In this project, measurements from treatment well tiltmeters which were deployed in the treatment well during the fracture treatment were integrated to build a calibrated fracture model. Treatment well tiltmeter mapping (TWTM) was performed on six wells, and fracture engineering and modeling was performed on all 16 wells in the pilot program. In addition to a general assessment of how these coals treat, the objective of the study was to optimize treatment designs in order to: 1) stay out of prolific water sands, 2) provide payzone coverage of all coal stringers, and 3) create long fractures with adequate conductivity. Fracture growth was monitored in real-time, and frac volume and injection rates were adjusted on site to avoid fracturing into any water sands.

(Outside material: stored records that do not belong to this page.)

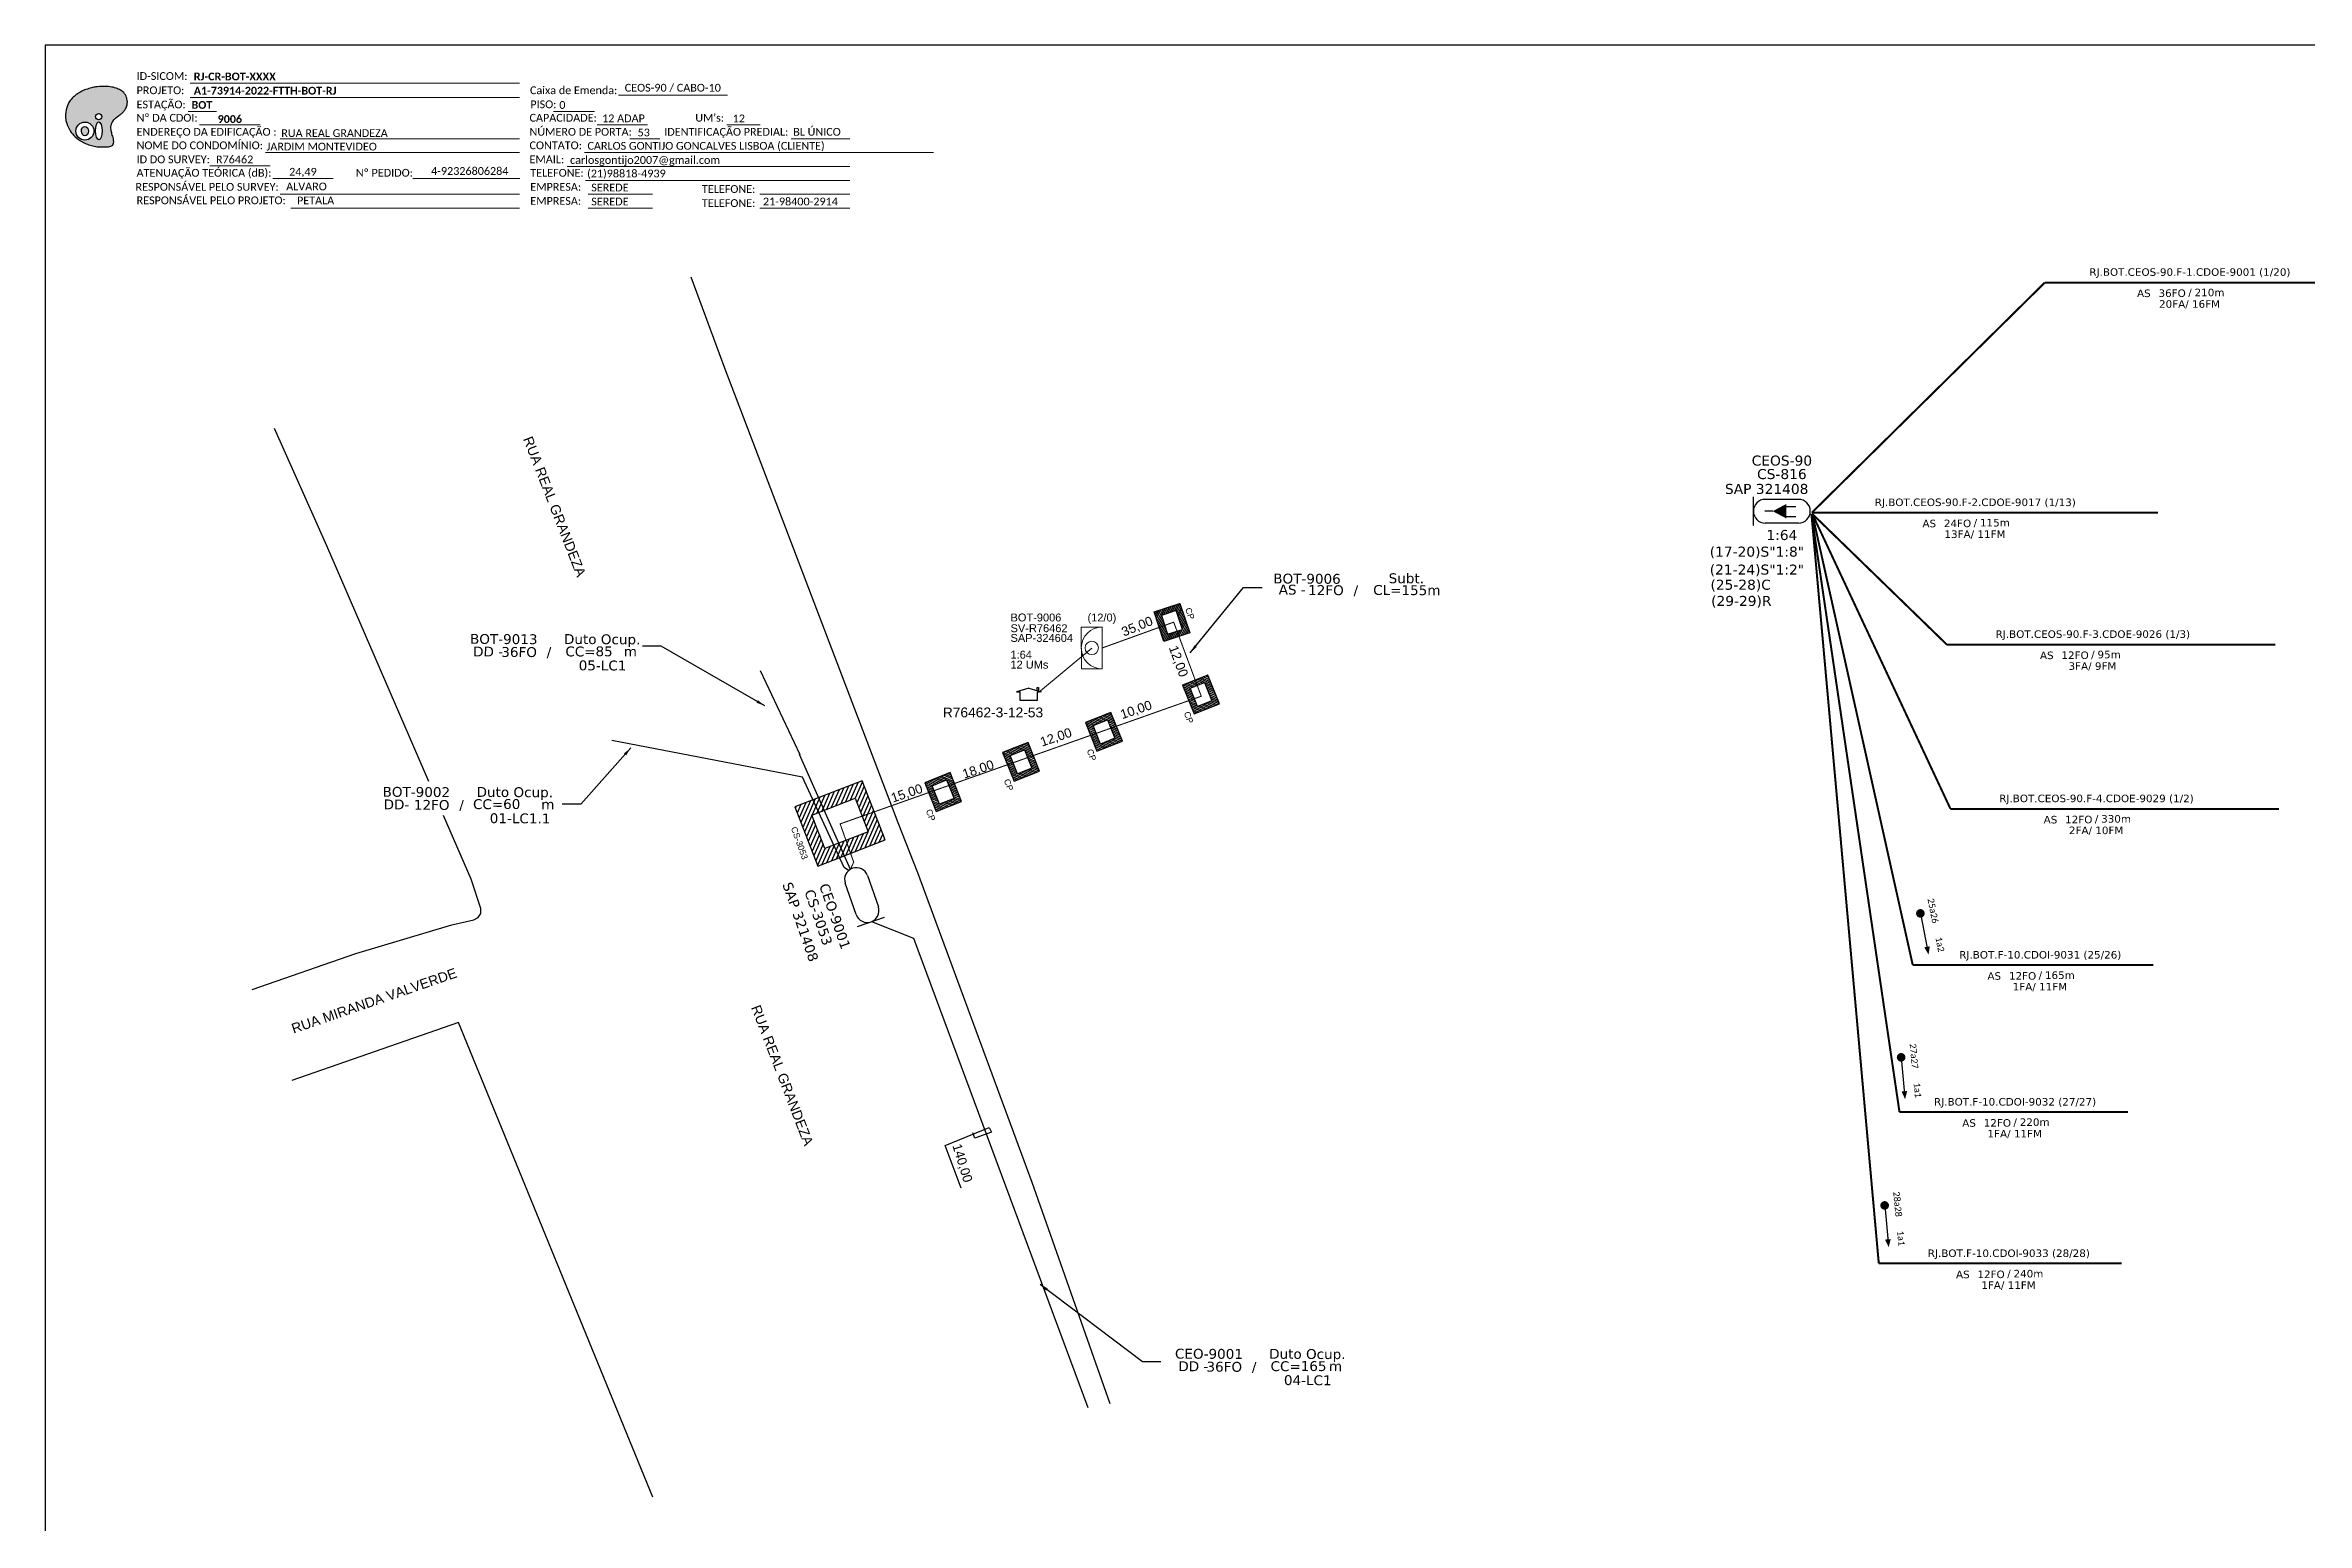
# Model space of a CAD drawing. Header units: inches. Extents: x 0 to 839, y 0 to 594.
# Drawn here: x 0 to 522, y 253 to 594 of the extents above; entities that cross this region are included whole.
import ezdxf
from ezdxf.enums import TextEntityAlignment as Align

# ---------------------------------------------------------------- set-up
doc = ezdxf.new("R2010")
doc.units = ezdxf.units.IN
doc.header["$LTSCALE"] = 0.5
for name, color, linetype in [('10.1-Caixas Subterrâneas', 5, 'Continuous'), ('20.4-CEOS', 1, 'Continuous'), ('20.5-CEO', 1, 'Continuous'), ('CAP a instalar', 1, 'Continuous'), ('DROP DE CLIENTE', 140, 'Continuous'), ('label_cabos', 7, 'Continuous'), ('QUADRA', 252, 'Continuous'), ('SETA', 7, 'Continuous'), ('surveys', 7, 'Continuous'), ('surveys legendas', 7, 'Continuous')]:
    doc.layers.add(name, color=color, linetype=linetype)
for name, color, linetype, lineweight in [("20.0-LEGENDA DOS CDO'S", 1, 'Continuous', 0), ('20.1-CDO_INTERIOR', 1, 'Continuous', 0), ('40.1-ETIQUETAS', 1, 'Continuous', 20), ('Segmento Logradouro Texto', 238, 'Continuous', 0)]:
    doc.layers.add(name, color=color, linetype=linetype, lineweight=lineweight)
doc.styles.add('ARIAL', font='arial.ttf')
doc.styles.add('DIGICADE', font='arial.ttf')
doc.styles.add('siredit', font='verdana.ttf')
doc.styles.get("Standard").update_dxf_attribs({"font": 'arial.ttf'})
doc.styles.add('WMF-Calibri0', font='calibri.ttf')
doc.styles.add('WMF-Calibri1', font='calibrib.ttf')
doc.linetypes.add('FENCELINE1', pattern='A,0.25,-0.1,[133,ltypeshp.shx,S=0.1,R=0,X=-0.1,Y=0],-0.1,1', length=1.45)
doc.dimstyles.new('ISO-25', dxfattribs={"dimtxt": 2.5, "dimasz": 2.5, "dimexe": 1.25, "dimexo": 0.625, "dimtad": 1, "dimtxsty": 'Standard', "dimcen": 2.5, "dimadec": 0, "dimazin": 0, "dimtfac": 1, "dimtmove": 0, "dimatfit": 3, "dimfxl": 0, "dimarcsym": 0})

# ---------------------------------------------------------------- blocks, each defined once
blk = doc.blocks.new('OI')
h = blk.add_hatch(color=40)
edge = h.paths.add_edge_path()
edge.add_spline(control_points=[(4.35, -0.67), (3.92, -0.99), (3.26, -1.5), (2.81, -2.59), (2.9, -3.5), (3.06, -4.27), (3.31, -4.85), (3.37, -5.39), (3.4, -5.88), (3.2, -6.4), (2.54, -6.61), (1.65, -6.63), (0.55, -6.67), (-0.56, -6.42), (-1.61, -6.14), (-2.77, -5.61), (-3.92, -4.77), (-4.89, -3.7), (-5.34, -2.65), (-5.6, -1.94), (-5.85, -0.96), (-5.71, 0.47), (-5.1, 2.02), (-4.14, 3.02), (-3.3, 3.61), (-2.37, 4.16), (-1.36, 4.44), (-0.56, 4.7), (0.79, 4.85), (2.24, 4.97), (3.79, 4.57), (4.67, 4.21), (5.44, 3.65), (5.76, 2.99), (6.03, 2.21), (6.01, 1.46), (5.72, 0.64), (5.31, 0.08), (4.88, -0.38), (4.51, -0.55), (4.35, -0.67)], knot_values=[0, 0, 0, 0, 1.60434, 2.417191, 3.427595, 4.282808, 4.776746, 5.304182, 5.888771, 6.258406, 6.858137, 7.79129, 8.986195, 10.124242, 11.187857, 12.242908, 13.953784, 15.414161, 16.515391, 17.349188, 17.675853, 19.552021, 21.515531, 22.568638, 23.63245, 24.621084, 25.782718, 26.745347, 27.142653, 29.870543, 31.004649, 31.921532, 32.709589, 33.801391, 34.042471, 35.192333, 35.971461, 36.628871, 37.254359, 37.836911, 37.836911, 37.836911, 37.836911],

After performing TWTM in the first well, calibrated model predictions indicated the potential danger of significant frac height growth into the overlying shore-face water sands with the planned 150,000-lb frac job. The 150,000-lb design was subsequently reduced by 50% on location after the minifrac. In addition, height growth also accelerated as pump rate was increased from 25 bbl/minute to 35 bbl/minute (original designs had planned to use a 40-bbl/minute pump rate). Therefore, pump rates were reduced to 25 bbl/minute for all subsequent treatments. Subsequently, the resulting calibrated model was generally able to predict fracture growth in future treatments. Variations from the design predictions were usually associated with variations in frac complexity and increased leakoff throughout the treatment, which is typical for complex coal formations with intermixed sands and shales. The fracture complexity used for future fracture designs was based on the average complexity observed in previous wells, since complexity can vary from well to well. Based on the initial calibrated modeling results, the completion strategy was modified on subsequent wells to include two-stage treatments in order to provide coverage of all prospective coal stringers while staying out of the overlying water sand. Figure 3 shows the height coverage of a two-stage completion, indicating that all coal stringers can be stimulated while avoiding the overlying shore-face water sand.